The Olympic Dam IOCG-U-Ag deposit, South Australia, the world’s largest known uranium (U) resource, contains three main U-minerals: uraninite, coffinite, and brannerite. Four main classes of uraninite have been identified. Uraninite occurring as single grains is characterized by high-Pb and ΣREE+Y (ΣREY) but based on textures can be classified into three of these classes, typically present in the same sample. Primary uraninite (Class 1) is smallest (10–50 mm), displays a cubic-euhedral habit, and both oscillatory and sectorial zoning. “Zoned” uraninite (Class 2) is coarser, sub-euhedral, and combines different styles of zonation in the same grain. “Cobweb” uraninite (Class 3) is coarser still, up to several hundred micrometers, has variable hexagonal-octagonal morphologies, varying degrees of rounding, and features rhythmic intergrowths with sulfide minerals. In contrast, the highest-grade U in the deposit is found as micrometer-sized grains to aphanitic varieties of uraninite that form larger aggregates (up to millimeter) and vein-fillings (massive, Class 4) and have lower Pb and ΣREY, but higher Ca.

Nanoscale characterization of primary and cobweb uraninite shows these have defect-free fluorite structure. Both contain lattice-bound Pb+ΣREY, which for primary uraninite is concentrated within zones, and for cobweb uraninite is within high-Pb+ΣREY domains. Micro-fractured low-Pb+ΣREY domains, sometimes with different crystal orientation to the high-Pb+ΣREY domains in the same cobweb grain, contain nanoscale inclusions of galena, Cu-Fe-sulfides, and REY-minerals. The observed Pb zonation and presence of inclusions indicates solid-state trace-element mobility during the healing of radiogenic damage, and subsequent inclusion-nucleation + recrystallization during fS2-driven percolation of Cu-bearing fluid.

Tetravalent, lattice-bound radiogenic Pb is proposed based on analogous evidence for U-bearing zircon. Calculating the crystal chemical formula to UO2 stoichiometry, the sum of cations (M*) is ~1 for most classes, but the presence of mono-, di-, and trivalent elements (ΣREY, Ca, etc.) drive stoichiometry toward hypostoichiometric M*O2–x. In the absence of measured O and constraints of hypostoichiometric fluorite-structure, charge-balance calculations showing O deficit in the range 0.15–0.36 apfu is compensated by assumption of mixed U oxidation states. Crystal structural formulas show up to 0.20 apfu Pb and 0.25 apfu ΣREY in Classes 1–3, while for Class 4, these are an order of magnitude less. Low-Pb and ΣREY subcategories of Classes 2 and 3 are similar to massive uraninite with ~0.2 apfu Ca. Other elements (Si, Na, Mn, As, Nb, etc.), show two distinct geochemical trends: (1) across Classes 1–3; and (2) Class 4, whereby low-Pb+ΣREY sub-populations of Classes 2 and 3 are part of trend 2 for certain elements. Plots of alteration factor (CaO+SiO2+Fe2O3) vs. Pb/U suggest two uraninite generations: early (high-Pb+ΣREY, Classes 1–3); and late (massive, Class 4). There is evidence of Pb loss from diffusion, leaching and/or recrystallization for Classes 2–3 (low-Pb+ΣREY domains).

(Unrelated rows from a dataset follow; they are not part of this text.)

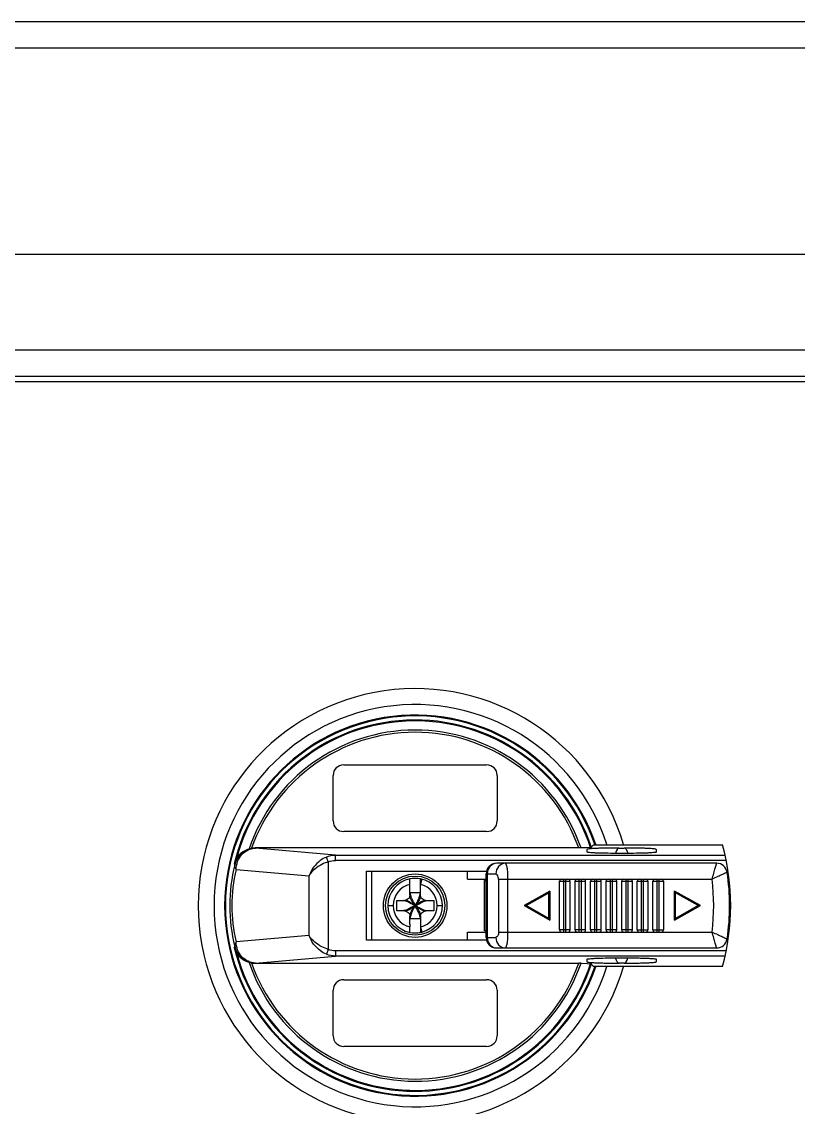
# Model space of a CAD drawing. Header units: millimetres. Extents: x 10297564 to 11610295, y -9287743 to -8409454.
# Drawn here: x 10495622 to 10497094, y -9075652 to -9073594 of the extents above; entities that cross this region are included whole.
import ezdxf

# ---------------------------------------------------------------- set-up
doc = ezdxf.new("R2010")
doc.units = ezdxf.units.MM
doc.header["$LTSCALE"] = 100
doc.layers.add('-0', color=7, linetype='Continuous')

# ---------------------------------------------------------------- blocks, each defined once
blk = doc.blocks.new('인버터 외형도')
at = {"layer": '-0', "linetype": 'Continuous'}
for p, q in [((99257.7, 55947.4), (85171.9, 55947.4)), ((99295.3, 55909.8), (85134.2, 55909.8)), ((99295.3, 55616.3), (85134.2, 55616.3)), ((85292.3, 55480.9), (99137.3, 55480.9)), ((85668.5, 55435.7), (98761.1, 55435.7)), ((86210.2, 55443.3), (98219.3, 55443.3)), ((95318.6, 54891), (95521.8, 54891)), ((95303.6, 54811.2), (95303.6, 54875.9)), ((95536.9, 54875.9), (95536.9, 54811.2)), ((95521.8, 54796.2), (95318.6, 54796.2)), ((95166.2, 54781.9), (95165.1, 54781.9)), ((95652.7, 54772.8), (95192.8, 54772.8)), ((95192.8, 54772.8), (95193, 54772.5)), ((95306.8, 54762.6), (95193, 54772.5)), ((95664.7, 54773.1), (95656, 54772.8)), ((95669.5, 54773.3), (95664.7, 54773.1)), ((95664.8, 54766.9), (95664.8, 54770.8)), ((95673.1, 54777.3), (95857.1, 54777.3)), ((95675.3, 54781.9), (95674.2, 54781.9)), ((95710, 54772.6), (95717.4, 54772.6)), ((95762.6, 54770.8), (95762.6, 54766.9)), ((95296.7, 54753.1), (95294, 54759.9)), ((95306.8, 54755.1), (95306.8, 54762.6)), ((95306.8, 54762.6), (95860.7, 54762.6)), ((95717.4, 54765), (95706.1, 54765)), ((95165.7, 54742.4), (95269.5, 54733.4)), ((95296.7, 54753.1), (95296.7, 54628.5)), ((95862.3, 54755.1), (95306.8, 54755.1)), ((95848.8, 54751), (95536.1, 54751)), ((95269.5, 54648.2), (95269.5, 54733.4)), ((95351, 54641.9), (95351, 54739.7)), ((95351, 54739.7), (95521.5, 54739.7)), ((95358.5, 54641.9), (95358.5, 54739.7)), ((95412.7, 54705.9), (95412.7, 54728.7)), ((95427.8, 54705.9), (95427.8, 54728.7)), ((95429.6, 54728.4), (95427.8, 54721.1)), ((95494.7, 54728.4), (95494.7, 54739.7)), ((95494.7, 54728.4), (95521.1, 54728.4)), ((95518.8, 54655), (95518.8, 54726.7)), ((95518.8, 54726.7), (95521.1, 54726.7)), ((95521.1, 54645.7), (95521.1, 54736)), ((95521.1, 54736), (95534.9, 54736)), ((95522.6, 54736), (95522.6, 54645.7)), ((95538.6, 54728.4), (95538.6, 54653.2)), ((95538.6, 54728.4), (95842.2, 54728.4)), ((95552.1, 54653.2), (95552.1, 54728.4)), ((95625.3, 54656.2), (95625.3, 54725.4)), ((95625.3, 54725.4), (95640.4, 54725.4)), ((95631.4, 54653.2), (95631.4, 54728.4)), ((95634.4, 54653.2), (95634.4, 54728.4)), ((95640.4, 54656.2), (95640.4, 54725.4)), ((95647.5, 54656.2), (95647.5, 54725.4)), ((95647.5, 54725.4), (95662.5, 54725.4)), ((95653.5, 54653.2), (95653.5, 54728.4)), ((95656.5, 54653.2), (95656.5, 54728.4)), ((95662.5, 54656.2), (95662.5, 54725.4)), ((95669.6, 54656.2), (95669.6, 54725.4)), ((95669.6, 54725.4), (95684.6, 54725.4)), ((95675.6, 54653.2), (95675.6, 54728.4)), ((95678.6, 54653.2), (95678.6, 54728.4)), ((95684.6, 54656.2), (95684.6, 54725.4)), ((95691.7, 54656.2), (95691.7, 54725.4)), ((95691.7, 54725.4), (95706.8, 54725.4)), ((95697.7, 54653.2), (95697.7, 54728.4)), ((95700.7, 54653.2), (95700.7, 54728.4)), ((95706.8, 54656.2), (95706.8, 54725.4)), ((95713.8, 54656.2), (95713.8, 54725.4)), ((95713.8, 54725.4), (95728.9, 54725.4)), ((95719.9, 54653.2), (95719.9, 54728.4)), ((95722.9, 54653.2), (95722.9, 54728.4)), ((95728.9, 54656.2), (95728.9, 54725.4)), ((95736, 54656.2), (95736, 54725.4)), ((95736, 54725.4), (95751, 54725.4)), ((95742, 54653.2), (95742, 54728.4)), ((95745, 54653.2), (95745, 54728.4)), ((95751, 54725.4), (95751, 54656.2)), ((95758.1, 54656.2), (95758.1, 54725.4)), ((95758.1, 54725.4), (95773.1, 54725.4)), ((95764.1, 54653.2), (95764.1, 54728.4)), ((95767.1, 54653.2), (95767.1, 54728.4)), ((95773.1, 54725.4), (95773.1, 54656.2)), ((95412.7, 54709.6), (95427.8, 54709.6)), ((95611.8, 54711.5), (95575.1, 54690.8)), ((95610.3, 54708.9), (95611.8, 54711.5)), ((95611.8, 54711.5), (95611.8, 54670.1)), ((95788.9, 54670.1), (95788.9, 54711.5)), ((95825.6, 54690.8), (95788.9, 54711.5)), ((95790.4, 54708.9), (95788.9, 54711.5)), ((95393.9, 54683.3), (95393.9, 54698.3)), ((95393.9, 54698.3), (95405.2, 54698.3)), ((95407.4, 54698.7), (95405.2, 54698.3)), ((95412.7, 54705.9), (95412.4, 54703.6)), ((95428.1, 54703.6), (95427.8, 54705.9)), ((95435.3, 54698.3), (95433.1, 54698.7)), ((95435.3, 54698.3), (95446.6, 54698.3)), ((95446.6, 54698.3), (95446.6, 54683.3)), ((95578.2, 54690.8), (95610.3, 54708.9)), ((95610.3, 54672.7), (95610.3, 54708.9)), ((95790.4, 54672.7), (95790.4, 54708.9)), ((95822.5, 54690.8), (95790.4, 54708.9)), ((95381.5, 54690.8), (95389, 54690.8)), ((95405.2, 54683.3), (95393.9, 54683.3)), ((95405.2, 54683.3), (95407.4, 54682.9)), ((95433.1, 54682.9), (95435.3, 54683.3)), ((95446.6, 54683.3), (95435.3, 54683.3)), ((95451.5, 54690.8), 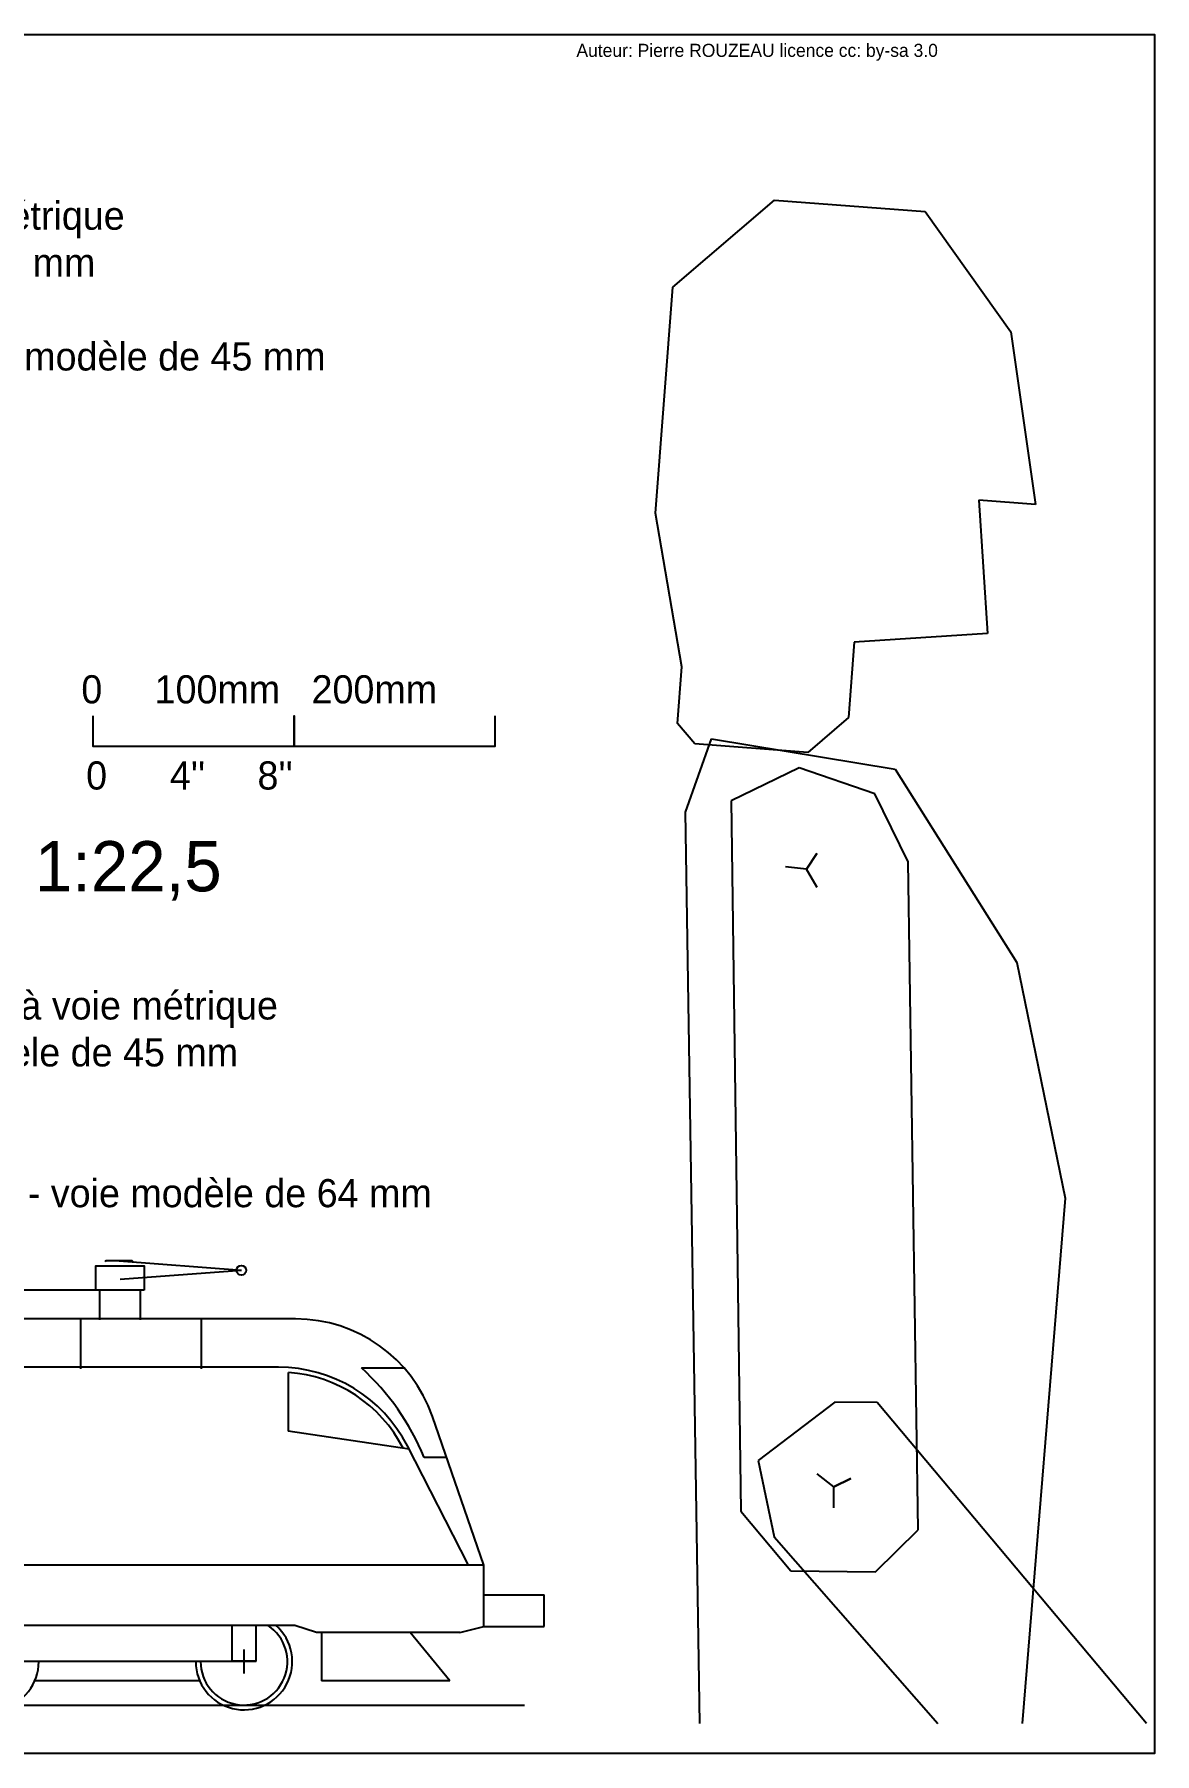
# Model space of a CAD drawing. Extents: x -9190 to 21925, y -3698 to 11555.
# Drawn here: x 19968 to 20525, y 4460 to 5315 of the extents above; entities that cross this region are included whole.
import ezdxf

# ---------------------------------------------------------------- set-up
doc = ezdxf.new("R2010")
doc.units = 0
doc.layers.get('0').update_dxf_attribs({"linetype": 'CONTINUOUS'})
doc.layers.add('1', color=7, linetype='CONTINUOUS')

msp = doc.modelspace()

# ---------------------------------------------------------------- linework, layer by layer
for p, q in [((20016.2, 4705.13), (20004.2, 4705.13)), ((20010.2, 4705.13), (20070.98, 4700.39)), ((20010.66, 4695.87), (20070.98, 4700.39)), ((20022.61, 4690.56), (19789.58, 4690.56)), ((20000.41, 4690.27), (20000.41, 4675.69)), ((20020.69, 4690.27), (20020.69, 4675.69)), ((20097.93, 4676.16), (19789.58, 4676.16)), ((19991.15, 4651.38), (19991.15, 4676.11)), ((20051.15, 4651.38), (20051.15, 4676.11)), ((20089.43, 4652.16), (19789.58, 4652.16)), ((20130.64, 4651.9), (20151.83, 4651.9)), ((20094.34, 4620.36), (20094.34, 4649.59)), ((20191.58, 4553.76), (20165.97, 4627.73)), ((20154.34, 4611.36), (20094.28, 4620.37)), ((20183.87, 4553.76), (20153.5, 4613.01)), ((20173.04, 4607.3), (20161.88, 4607.3)), ((20191.58, 4553.76), (19789.58, 4553.76)), ((20191.58, 4523.29), (20191.58, 4553.76)), ((20191.58, 4538.89), (20221.58, 4538.89)), ((20221.58, 4523.29), (20221.58, 4538.89)), ((20097.48, 4523.76), (19921.08, 4523.76)), ((20108.28, 4520.16), (20097.48, 4523.76)), ((20179.58, 4520.16), (20191.58, 4523.29)), ((20191.58, 4523.29), (20221.58, 4523.29)), ((20179.58, 4520.16), (20108.28, 4520.16)), ((20110.75, 4520.4), (20110.75, 4496.16)), ((20174.66, 4496.16), (20154.82, 4520.16)), ((20072.28, 4511.76), (20072.28, 4499.76)), ((20072.28, 4505.76), (19946.28, 4505.76)), ((20078.28, 4505.76), (20066.28, 4505.76)), ((20050.28, 4496.16), (19968.27, 4496.16)), ((20174.66, 4496.16), (20110.75, 4496.16))]:
    msp.add_line(p, q)
at = {"color": 5}
msp.add_line((19299.8, 4484.16), (20211.8, 4484.16), dxfattribs=at)
for points in [[(19150, 5315), (20525, 5315), (20525, 4460), (19150, 4460)], [(20022.61, 4690.56), (19998.61, 4690.56), (19998.61, 4702.56), (20022.61, 4702.56)]]:
    msp.add_lwpolyline(points, close=True)
for points in [[(19997.17, 4976.05), (19997.17, 4961.05), (20097.17, 4961.05), (20097.17, 4976.05), (20097.17, 4961.05), (20197.17, 4961.05), (20197.17, 4976.05)], [(20066.28, 4523.76), (20066.28, 4506.19), (20078.28, 4506.19), (20078.28, 4523.76)]]:
    msp.add_lwpolyline(points)
msp.add_circle((20070.98, 4700.39), 2.4)
for centre, radius, start, end in [((20004.25, 4703.71), 1.41, 92.08579, 138.34839), ((20016.15, 4703.71), 1.41, 41.65161, 87.91421), ((20097.93, 4604.16), 72, 19.10072, 90), ((20089.43, 4580.16), 72, 27.1384, 90), ((20045.26, 4558.86), 126.28, 22.55418, 47.45686), ((20089.43, 4580.16), 69.6, 27.1384, 85.95048), ((19946.28, 4505.76), 24, 131.40962, 0), ((20072.28, 4505.76), 24, 180, 48.59038), ((20072.28, 4505.76), 21.6, 180, 56.44269)]:
    msp.add_arc(centre, radius, start, end)
at = {"layer": '1', "color": 7}
for p, q in [((20285.51, 5189.33), (20335.96, 5232.6)), ((20335.96, 5232.6), (20410.94, 5226.86)), ((20410.94, 5226.86), (20453.49, 5167.03)), ((20276.89, 5076.86), (20285.51, 5189.33)), ((20453.49, 5167.03), (20465.77, 5081.24)), ((20465.77, 5081.24), (20437.66, 5083.4)), ((20437.66, 5083.4), (20442, 5017.07)), ((20289.89, 5000.44), (20276.89, 5076.86)), ((20375.68, 5012.72), (20372.8, 4975.23)), ((20442, 5017.07), (20375.68, 5012.72)), ((20287.73, 4972.33), (20289.89, 5000.44)), ((20296.39, 4962.24), (20287.73, 4972.33)), ((20372.8, 4975.23), (20352.62, 4957.93)), ((20291.85, 4928.14), (20304.7, 4964.71)), ((20352.62, 4957.93), (20296.39, 4962.24)), ((20304.7, 4964.71), (20396.03, 4949.52)), ((20348.27, 4950.25), (20314.47, 4933.79)), ((20385.97, 4937.25), (20348.27, 4950.25)), ((20396.03, 4949.52), (20456.47, 4853.36)), ((20314.47, 4933.79), (20319.23, 4580.6)), ((20402.44, 4903.45), (20385.97, 4937.25)), ((20298.83, 4475), (20291.85, 4928.14)), ((20351.95, 4899.77), (20341.52, 4901.02)), ((20351.95, 4899.77), (20357.13, 4907.61)), ((20357.13, 4907.61), (20351.95, 4899.77)), ((20357.21, 4890.67), (20351.95, 4899.77)), ((20407.42, 4571.28), (20402.44, 4903.45)), ((20456.47, 4853.36), (20480.52, 4736.16)), ((20480.52, 4736.16), (20459.21, 4475)), ((20366.03, 4634.77), (20327.9, 4605.73)), ((20387.05, 4634.55), (20366.03, 4634.77)), ((20520.97, 4475), (20387.05, 4634.55)), ((20327.9, 4605.73), (20335.91, 4567.81)), ((20365.6, 4592.73), (20357.26, 4599.12)), ((20365.49, 4582.22), (20365.6, 4592.73)), ((20365.6, 4592.73), (20374.05, 4596.85)), ((20374.05, 4596.85), (20365.6, 4592.73)), ((20319.23, 4580.6), (20344.15, 4550.91)), ((20335.91, 4567.81), (20417.24, 4475)), ((20386.18, 4550.48), (20407.42, 4571.28)), ((20344.15, 4550.91), (20386.18, 4550.48))]:
    msp.add_line(p, q, dxfattribs=at)

# ---------------------------------------------------------------- texts
for s, insert, char_height, width, attachment_point in [('Auteur: Pierre ROUZEAU licence cc: by-sa 3.0', (20237.55, 5310.31), 6.5, 288.7041, 1), ('en haut loco à voie métrique\\P - voie modèle de 32 mm \\P\\Pen bas loco à voie standard - voie modèle de 45 mm', (19895.36, 5231.86), 14, 696.6362, 2), ('0     100mm   200mm', (19991.42, 4996.29), 14, 285.6484, 1), ("0      4''     8''", (19993.8, 4953.45), 14, 258.7289, 1), ('échelle 1:22,5', (19853.03, 4913.81), 25, 309.4068, 1), ('         en haut loco à voie métrique\\P        - voie modèle de 45 mm\\P\\P\\Pen bas loco à voie standard - voie modèle de 64 mm', (19948.14, 4839.08), 14, 735.2155, 2)]:
    msp.add_mtext(s, dxfattribs=dict(insert=insert, char_height=char_height, width=width, attachment_point=attachment_point))

doc.saveas('drawing.dxf')

Micro-analytical data and petrographic observations reported here, including nanoscale characterization of individual uraninite grains, support the hypothesis for at least two main uraninite mineralizing events at Olympic Dam and multiple stages of U dissolution and reprecipitation. Early crystalline uraninite is only sparsely preserved, with the majority of uraninite represented by the massive-aphanitic products of post-1590 Ma dissolution, reprecipitation, and possibly addition of uranium into the system. Coupled dissolution-reprecipitation reactions are suggested for early uraninite evolution across Classes 1 to 3. The calculated oxidation state [U6+/(U4++U6+)] of the “early” and “late” populations point to different conditions at the time of formation (charge compensation for ΣREY-rich early fluids) rather than auto-oxidation of uraninite. Late uraninites may have formed hydrothermally at lower temperatures (T < 250 °C).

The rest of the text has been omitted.